Among the oil paints left in Gwen John's studio on her death in 1939 was a supply of Rowney's colours, the only English colourman so represented (Bustin 2004 p.199). The company was in correspondence with Gluck concerning the appearance of her paintings from the late 1930s (Sitwell 1990). It advertised regularly in The Artist: ‘Rowney’s Sketching Equipment’ (vol.7, June 1934), also their egg tempera colours, reproducing a tempera by W. Russell Flint executed in these colours (Art Review 1935). John Armstrong used Rowney’s tempera colours in tubes (Andrew Lambirth, John Armstrong: The Paintings, 2009, p.154). Gertrude Hermes used their sketchbooks from 1952 (Ashmolean Museum, Oxford, see Jane Hill, ? The Sculpture of Gertrude Hermes, 2011, p.138). In 1978, the business featured a series of artists who used Rowney colours in backcover colour advertisements in The Artist, including Leonard Boden, Ben Maile, Leonard Rosoman, Ernest Savage and John Ward (The Artist, vol.93, 1978).

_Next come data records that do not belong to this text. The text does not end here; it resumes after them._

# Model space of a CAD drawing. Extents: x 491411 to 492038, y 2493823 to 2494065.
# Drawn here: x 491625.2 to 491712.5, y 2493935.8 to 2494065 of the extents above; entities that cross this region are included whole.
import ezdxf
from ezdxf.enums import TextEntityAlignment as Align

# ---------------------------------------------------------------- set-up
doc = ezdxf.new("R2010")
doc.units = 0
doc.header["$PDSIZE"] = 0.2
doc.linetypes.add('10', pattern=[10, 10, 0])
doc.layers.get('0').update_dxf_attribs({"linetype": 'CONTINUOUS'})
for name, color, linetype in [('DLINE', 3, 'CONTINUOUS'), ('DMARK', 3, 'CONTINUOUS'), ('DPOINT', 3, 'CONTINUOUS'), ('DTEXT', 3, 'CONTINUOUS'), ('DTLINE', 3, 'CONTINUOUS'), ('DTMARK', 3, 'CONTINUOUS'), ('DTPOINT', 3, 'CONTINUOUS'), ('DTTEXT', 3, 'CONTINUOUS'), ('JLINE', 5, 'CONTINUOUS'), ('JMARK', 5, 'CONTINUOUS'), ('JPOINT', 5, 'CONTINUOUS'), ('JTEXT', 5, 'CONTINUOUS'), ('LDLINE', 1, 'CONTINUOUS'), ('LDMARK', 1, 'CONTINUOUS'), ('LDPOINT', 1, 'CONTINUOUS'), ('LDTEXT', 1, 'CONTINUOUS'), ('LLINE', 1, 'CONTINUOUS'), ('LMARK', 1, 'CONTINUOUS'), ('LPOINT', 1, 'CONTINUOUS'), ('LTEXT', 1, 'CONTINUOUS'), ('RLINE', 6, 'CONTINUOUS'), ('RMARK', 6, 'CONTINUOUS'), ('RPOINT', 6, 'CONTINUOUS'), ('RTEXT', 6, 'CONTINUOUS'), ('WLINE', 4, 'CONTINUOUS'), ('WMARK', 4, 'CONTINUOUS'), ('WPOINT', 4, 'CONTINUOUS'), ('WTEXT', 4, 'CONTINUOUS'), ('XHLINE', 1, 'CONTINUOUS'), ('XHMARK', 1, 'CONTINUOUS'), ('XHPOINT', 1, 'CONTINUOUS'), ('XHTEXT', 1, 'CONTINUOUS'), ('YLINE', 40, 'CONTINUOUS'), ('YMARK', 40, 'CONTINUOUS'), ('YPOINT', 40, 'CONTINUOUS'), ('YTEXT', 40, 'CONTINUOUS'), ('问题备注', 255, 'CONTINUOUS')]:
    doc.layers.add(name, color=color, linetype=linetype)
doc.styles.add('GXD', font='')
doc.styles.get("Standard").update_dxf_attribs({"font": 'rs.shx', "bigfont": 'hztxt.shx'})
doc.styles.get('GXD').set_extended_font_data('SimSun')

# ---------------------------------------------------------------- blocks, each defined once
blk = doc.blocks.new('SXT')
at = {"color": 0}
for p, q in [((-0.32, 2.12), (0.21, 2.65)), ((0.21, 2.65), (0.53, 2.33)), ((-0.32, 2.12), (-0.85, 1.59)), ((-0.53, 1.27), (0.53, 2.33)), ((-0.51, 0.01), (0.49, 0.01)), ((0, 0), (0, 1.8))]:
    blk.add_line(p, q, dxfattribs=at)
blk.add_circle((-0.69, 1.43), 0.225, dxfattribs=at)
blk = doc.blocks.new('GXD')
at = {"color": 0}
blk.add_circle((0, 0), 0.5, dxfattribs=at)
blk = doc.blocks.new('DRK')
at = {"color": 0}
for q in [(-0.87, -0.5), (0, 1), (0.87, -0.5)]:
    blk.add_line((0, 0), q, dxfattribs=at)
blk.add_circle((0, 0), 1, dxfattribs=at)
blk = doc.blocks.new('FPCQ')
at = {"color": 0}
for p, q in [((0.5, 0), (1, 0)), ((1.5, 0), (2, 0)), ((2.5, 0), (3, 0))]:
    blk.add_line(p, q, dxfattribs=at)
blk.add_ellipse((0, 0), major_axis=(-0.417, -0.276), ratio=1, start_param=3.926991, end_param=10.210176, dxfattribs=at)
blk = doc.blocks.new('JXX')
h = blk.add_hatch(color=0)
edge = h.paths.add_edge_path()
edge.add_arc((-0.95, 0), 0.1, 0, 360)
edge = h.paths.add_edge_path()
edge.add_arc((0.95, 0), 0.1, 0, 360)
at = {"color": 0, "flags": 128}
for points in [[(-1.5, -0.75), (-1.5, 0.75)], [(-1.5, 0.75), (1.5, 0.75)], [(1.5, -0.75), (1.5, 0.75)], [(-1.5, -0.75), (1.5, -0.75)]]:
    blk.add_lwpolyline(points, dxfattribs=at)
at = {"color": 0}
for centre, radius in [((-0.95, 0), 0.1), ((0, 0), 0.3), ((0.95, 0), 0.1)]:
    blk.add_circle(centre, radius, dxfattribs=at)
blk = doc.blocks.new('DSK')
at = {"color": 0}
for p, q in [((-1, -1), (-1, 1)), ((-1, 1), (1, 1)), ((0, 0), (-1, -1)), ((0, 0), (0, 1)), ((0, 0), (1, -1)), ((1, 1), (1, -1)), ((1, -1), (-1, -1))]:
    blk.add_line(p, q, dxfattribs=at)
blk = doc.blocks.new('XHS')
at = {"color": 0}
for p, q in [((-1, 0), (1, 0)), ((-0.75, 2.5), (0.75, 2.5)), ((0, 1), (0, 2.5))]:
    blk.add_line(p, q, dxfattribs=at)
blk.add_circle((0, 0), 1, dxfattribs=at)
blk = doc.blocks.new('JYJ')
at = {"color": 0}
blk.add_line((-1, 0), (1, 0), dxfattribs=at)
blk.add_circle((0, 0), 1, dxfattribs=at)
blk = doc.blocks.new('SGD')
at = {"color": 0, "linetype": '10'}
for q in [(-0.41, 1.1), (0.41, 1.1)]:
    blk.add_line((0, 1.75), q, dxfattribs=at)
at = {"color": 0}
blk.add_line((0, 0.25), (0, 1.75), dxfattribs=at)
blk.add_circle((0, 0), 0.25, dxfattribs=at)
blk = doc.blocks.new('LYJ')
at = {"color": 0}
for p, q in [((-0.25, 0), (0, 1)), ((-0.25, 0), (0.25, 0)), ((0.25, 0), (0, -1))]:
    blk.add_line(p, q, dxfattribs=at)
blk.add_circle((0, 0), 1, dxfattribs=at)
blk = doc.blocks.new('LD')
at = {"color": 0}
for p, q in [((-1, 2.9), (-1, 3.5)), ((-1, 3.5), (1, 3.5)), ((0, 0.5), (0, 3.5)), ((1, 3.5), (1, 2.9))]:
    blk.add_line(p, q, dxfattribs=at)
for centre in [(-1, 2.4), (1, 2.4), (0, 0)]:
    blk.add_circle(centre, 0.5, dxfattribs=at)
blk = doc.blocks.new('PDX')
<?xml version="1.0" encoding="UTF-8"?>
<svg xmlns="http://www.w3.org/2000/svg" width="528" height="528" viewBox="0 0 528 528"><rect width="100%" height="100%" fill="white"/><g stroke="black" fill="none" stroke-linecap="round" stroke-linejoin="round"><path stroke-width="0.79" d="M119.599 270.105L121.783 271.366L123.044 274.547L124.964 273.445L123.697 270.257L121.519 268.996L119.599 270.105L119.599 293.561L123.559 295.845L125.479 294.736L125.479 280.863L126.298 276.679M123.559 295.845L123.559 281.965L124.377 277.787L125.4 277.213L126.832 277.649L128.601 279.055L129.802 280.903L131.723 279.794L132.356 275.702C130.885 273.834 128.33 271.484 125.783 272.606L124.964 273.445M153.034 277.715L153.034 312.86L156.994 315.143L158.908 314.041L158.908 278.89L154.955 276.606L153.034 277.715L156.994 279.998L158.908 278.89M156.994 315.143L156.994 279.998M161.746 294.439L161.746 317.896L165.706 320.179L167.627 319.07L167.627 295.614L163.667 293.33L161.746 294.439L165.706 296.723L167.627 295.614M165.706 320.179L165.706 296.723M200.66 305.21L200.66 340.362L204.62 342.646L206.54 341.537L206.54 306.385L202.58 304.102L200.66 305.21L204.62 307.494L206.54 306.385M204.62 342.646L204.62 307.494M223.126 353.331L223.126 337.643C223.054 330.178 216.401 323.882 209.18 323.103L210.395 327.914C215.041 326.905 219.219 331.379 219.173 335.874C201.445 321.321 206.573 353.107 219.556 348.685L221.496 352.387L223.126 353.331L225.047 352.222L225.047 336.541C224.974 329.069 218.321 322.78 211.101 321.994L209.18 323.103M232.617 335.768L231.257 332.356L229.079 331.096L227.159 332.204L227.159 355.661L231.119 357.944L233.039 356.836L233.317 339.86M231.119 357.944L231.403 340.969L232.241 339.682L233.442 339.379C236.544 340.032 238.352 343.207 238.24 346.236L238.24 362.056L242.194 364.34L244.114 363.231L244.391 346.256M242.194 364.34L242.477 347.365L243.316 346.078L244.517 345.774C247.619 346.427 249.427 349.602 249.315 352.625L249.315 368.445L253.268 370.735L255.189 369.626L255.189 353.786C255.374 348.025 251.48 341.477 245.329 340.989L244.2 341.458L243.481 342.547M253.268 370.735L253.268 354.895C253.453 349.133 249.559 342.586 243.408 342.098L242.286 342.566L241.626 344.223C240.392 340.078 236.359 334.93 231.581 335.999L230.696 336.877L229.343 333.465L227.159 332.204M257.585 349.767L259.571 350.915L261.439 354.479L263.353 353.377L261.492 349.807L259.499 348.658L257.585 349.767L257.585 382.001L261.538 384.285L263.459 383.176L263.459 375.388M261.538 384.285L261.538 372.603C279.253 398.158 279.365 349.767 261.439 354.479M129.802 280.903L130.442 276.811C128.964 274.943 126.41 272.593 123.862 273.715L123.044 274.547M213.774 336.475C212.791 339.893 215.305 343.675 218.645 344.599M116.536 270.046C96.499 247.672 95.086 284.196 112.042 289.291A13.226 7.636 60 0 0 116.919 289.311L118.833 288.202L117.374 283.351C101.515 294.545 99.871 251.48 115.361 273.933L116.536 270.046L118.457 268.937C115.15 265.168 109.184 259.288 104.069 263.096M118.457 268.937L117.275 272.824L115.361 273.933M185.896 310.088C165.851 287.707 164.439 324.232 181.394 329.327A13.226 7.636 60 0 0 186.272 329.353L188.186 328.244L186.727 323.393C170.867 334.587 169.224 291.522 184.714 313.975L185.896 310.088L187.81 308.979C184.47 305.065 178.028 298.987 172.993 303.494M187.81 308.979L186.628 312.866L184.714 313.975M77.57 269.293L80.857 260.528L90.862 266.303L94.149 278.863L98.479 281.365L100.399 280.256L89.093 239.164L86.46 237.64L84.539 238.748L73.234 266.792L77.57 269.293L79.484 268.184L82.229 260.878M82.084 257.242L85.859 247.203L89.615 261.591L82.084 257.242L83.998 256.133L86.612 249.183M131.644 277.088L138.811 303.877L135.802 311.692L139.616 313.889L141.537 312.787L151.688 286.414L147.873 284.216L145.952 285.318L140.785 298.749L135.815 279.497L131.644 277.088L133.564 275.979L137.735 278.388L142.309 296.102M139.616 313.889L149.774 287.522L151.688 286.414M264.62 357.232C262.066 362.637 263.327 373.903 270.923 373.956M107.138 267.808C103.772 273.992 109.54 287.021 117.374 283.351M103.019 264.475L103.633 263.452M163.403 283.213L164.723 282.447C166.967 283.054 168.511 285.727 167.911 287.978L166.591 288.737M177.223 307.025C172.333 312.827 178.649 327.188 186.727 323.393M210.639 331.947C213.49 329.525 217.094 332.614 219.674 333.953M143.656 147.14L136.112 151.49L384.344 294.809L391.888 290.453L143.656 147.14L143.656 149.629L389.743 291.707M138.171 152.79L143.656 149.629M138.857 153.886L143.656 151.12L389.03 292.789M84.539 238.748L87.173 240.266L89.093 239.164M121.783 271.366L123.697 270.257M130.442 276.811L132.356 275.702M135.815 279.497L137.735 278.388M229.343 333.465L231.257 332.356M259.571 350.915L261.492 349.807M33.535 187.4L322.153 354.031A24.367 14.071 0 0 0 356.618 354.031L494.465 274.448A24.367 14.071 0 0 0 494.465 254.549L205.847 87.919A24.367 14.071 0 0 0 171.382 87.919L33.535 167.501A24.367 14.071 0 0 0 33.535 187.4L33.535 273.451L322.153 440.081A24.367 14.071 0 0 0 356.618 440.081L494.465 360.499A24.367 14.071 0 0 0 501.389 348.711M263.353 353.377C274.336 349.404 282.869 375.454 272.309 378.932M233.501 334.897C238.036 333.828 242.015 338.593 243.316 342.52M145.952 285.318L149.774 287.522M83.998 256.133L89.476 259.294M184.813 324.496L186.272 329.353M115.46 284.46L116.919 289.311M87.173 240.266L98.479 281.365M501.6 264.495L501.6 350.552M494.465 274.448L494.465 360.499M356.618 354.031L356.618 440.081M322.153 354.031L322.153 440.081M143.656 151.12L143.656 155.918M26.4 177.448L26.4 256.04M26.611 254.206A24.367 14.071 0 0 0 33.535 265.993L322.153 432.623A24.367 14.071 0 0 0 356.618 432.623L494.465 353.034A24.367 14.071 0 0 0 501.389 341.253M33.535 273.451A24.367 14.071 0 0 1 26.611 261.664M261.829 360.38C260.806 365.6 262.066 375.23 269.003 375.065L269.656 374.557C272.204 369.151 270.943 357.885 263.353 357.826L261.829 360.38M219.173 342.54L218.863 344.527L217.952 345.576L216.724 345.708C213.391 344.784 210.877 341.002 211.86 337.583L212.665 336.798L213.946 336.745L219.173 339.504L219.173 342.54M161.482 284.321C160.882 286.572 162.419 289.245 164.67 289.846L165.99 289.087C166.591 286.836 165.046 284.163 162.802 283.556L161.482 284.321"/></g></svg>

Sources: This history is partly based on a ‘Brief History of George Rowney and Company Ltd’, typescript, n.d., c.1952-7 (copy on National Portrait Gallery files); this ‘Brief History’ is largely followed by Leach 1973 and Katlan 1992. For portraits of the first four generations of the family, see the business’s wholesale catalogue of 1910-11. For family names and dates, see The Rowney Family: Painting and Production in Hampstead,exh. leaflet, Hampstead Museum, 1998. See also Katlan 1992 pp.354-9 (for trade catalogues), 466-70; Carlyle 2001 pp.278-9. The Rowney company records are limited in extent (see Carlyle 2001 pp.278-9). Mr T.H. Rowney informed a member of National Portrait Gallery staff in 1964 that the company had very poor records for the period 1810-40. For abbreviations, see Resources and bibliography.